– Power tool

A few weeks ago, Eli came across instructions online for making his own messenger bag out of fused plastic bags. He e-mailed it to me and asked if we could make one. In the past few days, we did.

An absolute novice, he approached the sewing machine tentatively yet was open to advice and coaching. After his first few wandering seams, he got the hang of it. And eventually he got into it. From start to finish, we prepped, cut, sewed, and finished that bag together. I believe that Eli experienced the awe and sweetness of having one’s hands close to substantial mechanical power and guiding that force with purpose.

Eli guides fabric in the machine

If you know Eli and me, and you’d like to see highlights from our project, then click here for a slide show (and choose “Gallery View” for most pleasing size). If you’re a sewer, or if you enjoy reading accounts of do-it-yourself projects, then read beyond this paragraph for my description of how we adapted Bre Pettis’s directions to make Eli’s bag. At the very end, you’ll find a photo of the bag we made. Continue reading

– Why do it?

Lydia has been knitting like a fiend, aiming to finish some pieces before Christmas. Her knitting goes to school with her; she works on it during free time in the afterschool program. She reports that her friends, non-knitters, have asked her, “Is it fun?” Lydia says, “No, it’s not fun.”

So, as I sit on her bed one night and speedily cast on 45 stitches for her next item, I ask her why, then, does she knit?

She answers, “Because it’s calming, and…” (she hesitates, searching for the word) “productive.”

And, you know? That is what knitting is.

– Consider the sink

You spend a lot of time in front of it, so you think sometimes that the television or pc is the most important object in the house. And you wish it wasn’t.

Take comfort: You spend a lot of time, too, at the kitchen sink. It is more essential than the screen, and perhaps you even enjoy, like I do, your time in front of it.

Beyond its usefulness as a trough in which to wash potatoes and dishes, the sink is a player in parts of your life that have nothing to do with food. If, for example, you are an indoor gardener like Jimmy, you give your bonsai their weekly soak in a sink.

Bonsai in sink on snowy day

Paintbrushes get clean there.
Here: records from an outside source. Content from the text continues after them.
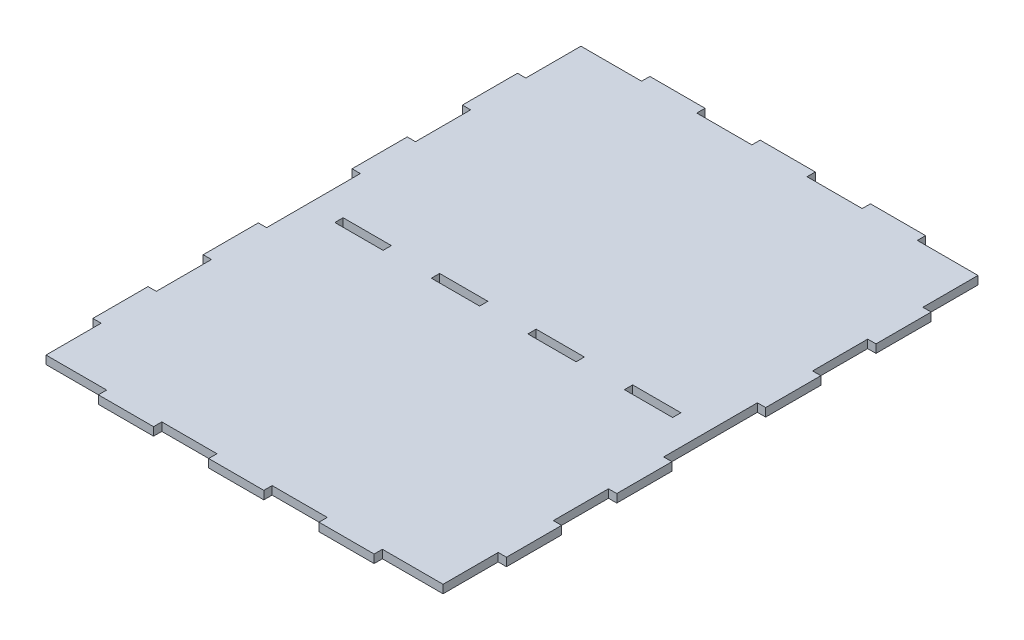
from build123d import *

# Parameters (mm, degrees)
SKETCH1_W           = 600
SKETCH1_H           = 800
BOSS_EXTRUDE1_DEPTH = 12
SKETCH2_W           = 12
SKETCH2_H           = 136
SKETCH2_W_2         = 80
SKETCH2_H_2         = 12
SKETCH2_H_3         = 80
CUT_EXTRUDE1_DEPTH  = 12
SKETCH3_W           = 70
SKETCH3_H           = 12
CUT_EXTRUDE2_DEPTH  = 12


with BuildPart() as part:
    # Sketch1 → Boss-Extrude1 (new body)
    with BuildSketch(Plane(origin=(0, 0, 0), x_dir=(1, 0, 0), z_dir=(0, 1, 0))):
        with Locations((300, 400)):
            Rectangle(SKETCH1_W, SKETCH1_H)
    extrude(amount=BOSS_EXTRUDE1_DEPTH)

    # Sketch2 → Cut-Extrude1 (cut)
    with BuildSketch(Plane(origin=(0, 12, 0), x_dir=(1, 0, 0), z_dir=(0, 1, 0))):
        with Locations((594, 400)):
            Rectangle(SKETCH2_W, SKETCH2_H)
        Polygon((0, 0), (100, 0), (100, 12), (12, 12), (12, 92), (0, 92), (0, 12), align=None)
        with Locations((220, 6)):
            Rectangle(SKETCH2_W_2, SKETCH2_H_2)
        Polygon((600, 800), (600, 788), (600, 708), (588, 708), (588, 788), (500, 788), (500, 800), align=None)
        with Locations((380, 6)):
            Rectangle(SKETCH2_W_2, SKETCH2_H_2)
        Polygon((500, 0), (600, 0), (600, 12), (600, 92), (588, 92), (588, 12), (500, 12), align=None)
        with Locations((380, 794)):
            Rectangle(SKETCH2_W_2, SKETCH2_H_2)
        with Locations((220, 794)):
            Rectangle(SKETCH2_W_2, SKETCH2_H_2)
        Polygon((100, 800), (100, 788), (12, 788), (12, 708), (0, 708), (0, 788), (0, 800), align=None)
        with Locations((6, 212)):
            Rectangle(SKETCH2_W, SKETCH2_H_3)
        with Locations((6, 400)):
            Rectangle(SKETCH2_W, SKETCH2_H)
        with Locations((594, 212)):
            Rectangle(SKETCH2_W, SKETCH2_H_3)
        with Locations((594, 588)):
            Rectangle(SKETCH2_W, SKETCH2_H_3)
        with Locations((6, 588)):
            Rectangle(SKETCH2_W, SKETCH2_H_3)
    extrude(amount=-CUT_EXTRUDE1_DEPTH, mode=Mode.SUBTRACT)

    # Sketch3 → Cut-Extrude2 (cut)
    with BuildSketch(Plane(origin=(0, 12, 0), x_dir=(1, 0, 0), z_dir=(0, 1, 0))):
        with Locations((90, 394)):
            Rectangle(SKETCH3_W, SKETCH3_H)
        with Locations((230, 394)):
            Rectangle(SKETCH3_W, SKETCH3_H)
        with Locations((370, 394)):
            Rectangle(SKETCH3_W, SKETCH3_H)
        with Locations((510, 394)):
            Rectangle(SKETCH3_W, SKETCH3_H)
    extrude(amount=-CUT_EXTRUDE2_DEPTH, mode=Mode.SUBTRACT)


solid = part.part
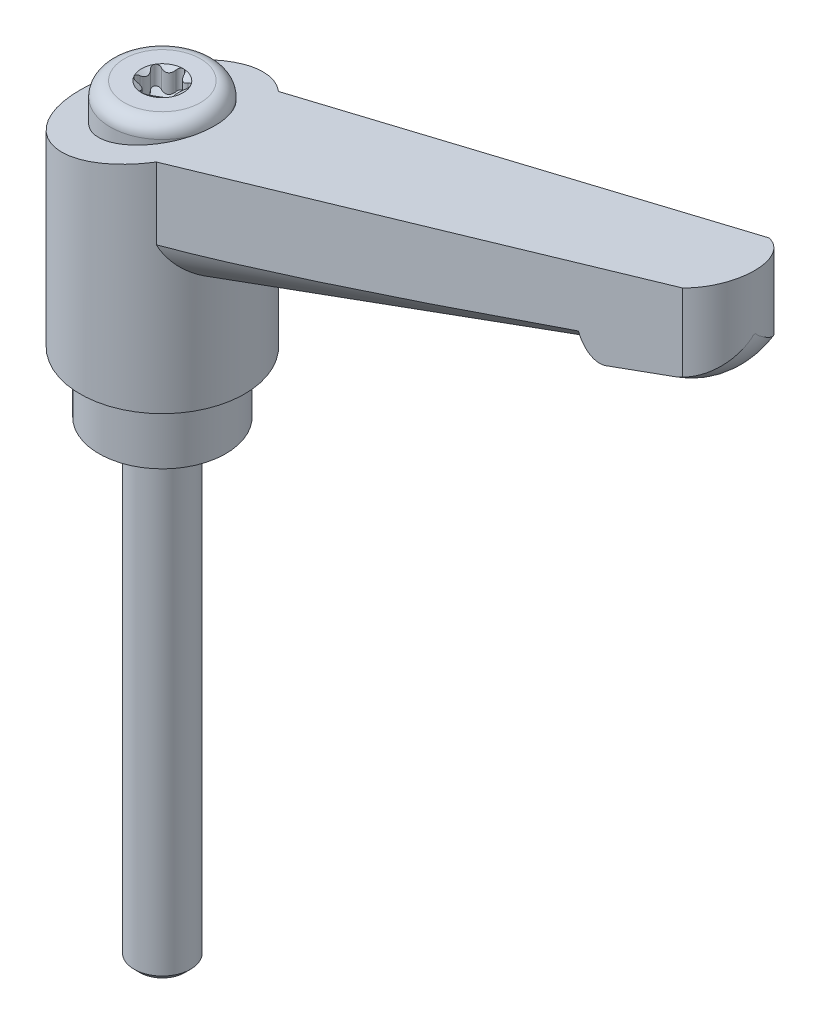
ISO-10303-21;
HEADER;
FILE_DESCRIPTION(('STEP AP214'),'2;1');
FILE_NAME('part.step','',(''),(''),'','','');
FILE_SCHEMA(('AUTOMOTIVE_DESIGN { 1 0 10303 214 1 1 1 1 }'));
ENDSEC;
DATA;
#1=APPLICATION_CONTEXT('core data for automotive mechanical design processes');
#2=APPLICATION_PROTOCOL_DEFINITION('international standard','automotive_design',2000,#1);
#3=PRODUCT_CONTEXT('',#1,'mechanical');
#4=PRODUCT('Part','Part','',(#3));
#5=PRODUCT_RELATED_PRODUCT_CATEGORY('part','',(#4));
#6=PRODUCT_DEFINITION_FORMATION('','',#4);
#7=PRODUCT_DEFINITION_CONTEXT('part definition',#1,'design');
#8=PRODUCT_DEFINITION('design','',#6,#7);
#9=PRODUCT_DEFINITION_SHAPE('','',#8);
#10=(LENGTH_UNIT() NAMED_UNIT(*) SI_UNIT(.MILLI.,.METRE.));
#11=(NAMED_UNIT(*) PLANE_ANGLE_UNIT() SI_UNIT($,.RADIAN.));
#12=(NAMED_UNIT(*) SI_UNIT($,.STERADIAN.) SOLID_ANGLE_UNIT());
#13=UNCERTAINTY_MEASURE_WITH_UNIT(LENGTH_MEASURE(1.E-05),#10,'distance_accuracy_value','');
#14=(GEOMETRIC_REPRESENTATION_CONTEXT(3) GLOBAL_UNCERTAINTY_ASSIGNED_CONTEXT((#13)) GLOBAL_UNIT_ASSIGNED_CONTEXT((#10,
#11,#12)) REPRESENTATION_CONTEXT('',''));
#15=CARTESIAN_POINT('',(0.,0.,0.));
#16=DIRECTION('',(0.,0.,1.));
#17=DIRECTION('',(1.,0.,0.));
#18=AXIS2_PLACEMENT_3D('',#15,#16,#17);
#19=CARTESIAN_POINT('',(1.53459701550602,27.,0.886000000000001));
#20=DIRECTION('',(0.,1.,0.));
#21=DIRECTION('',(0.,0.,1.));
#22=AXIS2_PLACEMENT_3D('',#19,#20,#21);
#23=CYLINDRICAL_SURFACE('',#22,0.443);
#24=DIRECTION('',(0.,1.,0.));
#25=VECTOR('',#24,1.);
#26=CARTESIAN_POINT('',(1.83864943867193,27.,0.563818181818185));
#27=LINE('',#26,#25);
#28=CARTESIAN_POINT('',(1.83864943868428,28.8315028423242,0.563818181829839));
#29=VERTEX_POINT('',#28);
#30=CARTESIAN_POINT('',(1.83864943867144,30.8315028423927,0.563818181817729));
#31=VERTEX_POINT('',#30);
#32=EDGE_CURVE('E189',#29,#31,#27,.T.);
#33=ORIENTED_EDGE('',*,*,#32,.F.);
#34=CARTESIAN_POINT('',(1.40760557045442,28.8315028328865,1.31040802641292));
#35=CARTESIAN_POINT('',(1.43210071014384,28.8447477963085,1.31775635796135));
#36=CARTESIAN_POINT('',(1.45748061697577,28.857597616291,1.32301894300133));
#37=CARTESIAN_POINT('',(1.50939354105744,28.8822631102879,1.32905299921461));
#38=CARTESIAN_POINT('',(1.53593128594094,28.8940738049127,1.32980389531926));
#39=CARTESIAN_POINT('',(1.58939185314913,28.916326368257,1.32641640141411));
#40=CARTESIAN_POINT('',(1.6163156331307,28.9267637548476,1.32226242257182));
#41=CARTESIAN_POINT('',(1.6694679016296,28.945880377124,1.30885630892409));
#42=CARTESIAN_POINT('',(1.69569771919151,28.9545632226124,1.29961479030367));
#43=CARTESIAN_POINT('',(1.74416106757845,28.9691875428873,1.27712730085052));
#44=CARTESIAN_POINT('',(1.76654208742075,28.9753049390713,1.26431433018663));
#45=CARTESIAN_POINT('',(1.80902319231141,28.9856214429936,1.23472360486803));
#46=CARTESIAN_POINT('',(1.82912382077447,28.9898210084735,1.217946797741));
#47=CARTESIAN_POINT('',(1.8644468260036,28.9958358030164,1.18266742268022));
#48=CARTESIAN_POINT('',(1.87995072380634,28.9978388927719,1.16447789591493));
#49=CARTESIAN_POINT('',(1.90786323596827,29.0000666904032,1.12577049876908));
#50=CARTESIAN_POINT('',(1.92027330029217,29.0002922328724,1.10525372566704));
#51=CARTESIAN_POINT('',(1.94108819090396,28.9989909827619,1.06356864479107));
#52=CARTESIAN_POINT('',(1.94965709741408,28.9975480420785,1.04247927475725));
#53=CARTESIAN_POINT('',(1.96343610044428,28.993092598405,0.99939142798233));
#54=CARTESIAN_POINT('',(1.96864617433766,28.9900800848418,0.977392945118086));
#55=CARTESIAN_POINT('',(1.97568144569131,28.9825486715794,0.932944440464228));
#56=CARTESIAN_POINT('',(1.97748072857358,28.9780185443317,0.910492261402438));
#57=CARTESIAN_POINT('',(1.97770242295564,28.9675868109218,0.865898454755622));
#58=CARTESIAN_POINT('',(1.97612450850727,28.9616850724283,0.843756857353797));
#59=CARTESIAN_POINT('',(1.96960698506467,28.9482940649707,0.799093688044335));
#60=CARTESIAN_POINT('',(1.96448424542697,28.940734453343,0.776620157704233));
#61=CARTESIAN_POINT('',(1.9510022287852,28.9244342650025,0.733110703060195));
#62=CARTESIAN_POINT('',(1.94264047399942,28.9156927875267,0.712075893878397));
#63=CARTESIAN_POINT('',(1.92216028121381,28.896380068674,0.670039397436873));
#64=CARTESIAN_POINT('',(1.9097697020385,28.8857147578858,0.649214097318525));
#65=CARTESIAN_POINT('',(1.88209462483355,28.8634511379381,0.610200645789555));
#66=CARTESIAN_POINT('',(1.86681439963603,28.851854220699,0.592008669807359));
#67=CARTESIAN_POINT('',(1.8465126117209,28.8371252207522,0.571376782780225));
#68=CARTESIAN_POINT('',(1.84261149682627,28.8343227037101,0.567556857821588));
#69=CARTESIAN_POINT('',(1.83864943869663,28.831502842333,0.563818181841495));
#70=B_SPLINE_CURVE_WITH_KNOTS('',3,(#34,#35,#36,#37,#38,#39,#40,#41,#42,#43,#44,#45,#46,#47,#48,
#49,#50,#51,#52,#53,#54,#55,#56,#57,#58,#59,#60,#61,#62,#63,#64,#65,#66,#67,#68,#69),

Women bend themselves over the sink and wash their hair under the kitchen faucet; it’s something we start doing as teenagers and then keep returning to. During the morning rush, teeth get brushed and the last going-out-the-door glass of water gets drunk there.

Because you’re standing there so often, sometimes you kiss at the sink.

Babies have their first baths in stainless steel or white enamel tubs set into the waist-high countertop. Perhaps puppies do, too. When children are toddlers, and after they play in the backyard dirt with the hose, they get carried shoeless into the kitchen, plunked down at the sink, and have their feet and calves and shins washed of mud with the sprayer and by their mother’s soapy, slippery hands.

When children are older still and bring home head lice, they lay their long, sturdy bodies down on the counter and hang their head into the sink for what I call “the treatment.” Here’s an excerpt from an essay I wrote about the experience of nit-picking:

A prehistoric creature with a tough carapace and immense evolutionary stamina, the lice resist the drugstore poison that I massage through my son’s hair, and the next day through my daughters’ hair. Working in the kitchen, I bend their necks over the edge of the sink and rinse the white cream that smells like deodorant – both fresh and chemical – from their hair and their heads, holding the sprayer in one hand and supporting their skulls in the other. Trying to see, I lean over them and into them. My arm or breast through my t-shirt frequently brushes a shoulder, cheek, or, in the case of my son who is standing and not lying on the counter like the girls, a back. The gentle pressure makes us close and I wonder if they are aware of my body and the part that is touching them, as I am aware all the time when I am with them of their bodies and what their parts feel and smell like, how they have grown and lengthened. Their hair straightens and darkens in the stream from the faucet. The children are hypnotized. I wish the running water alone could rid them of parasites.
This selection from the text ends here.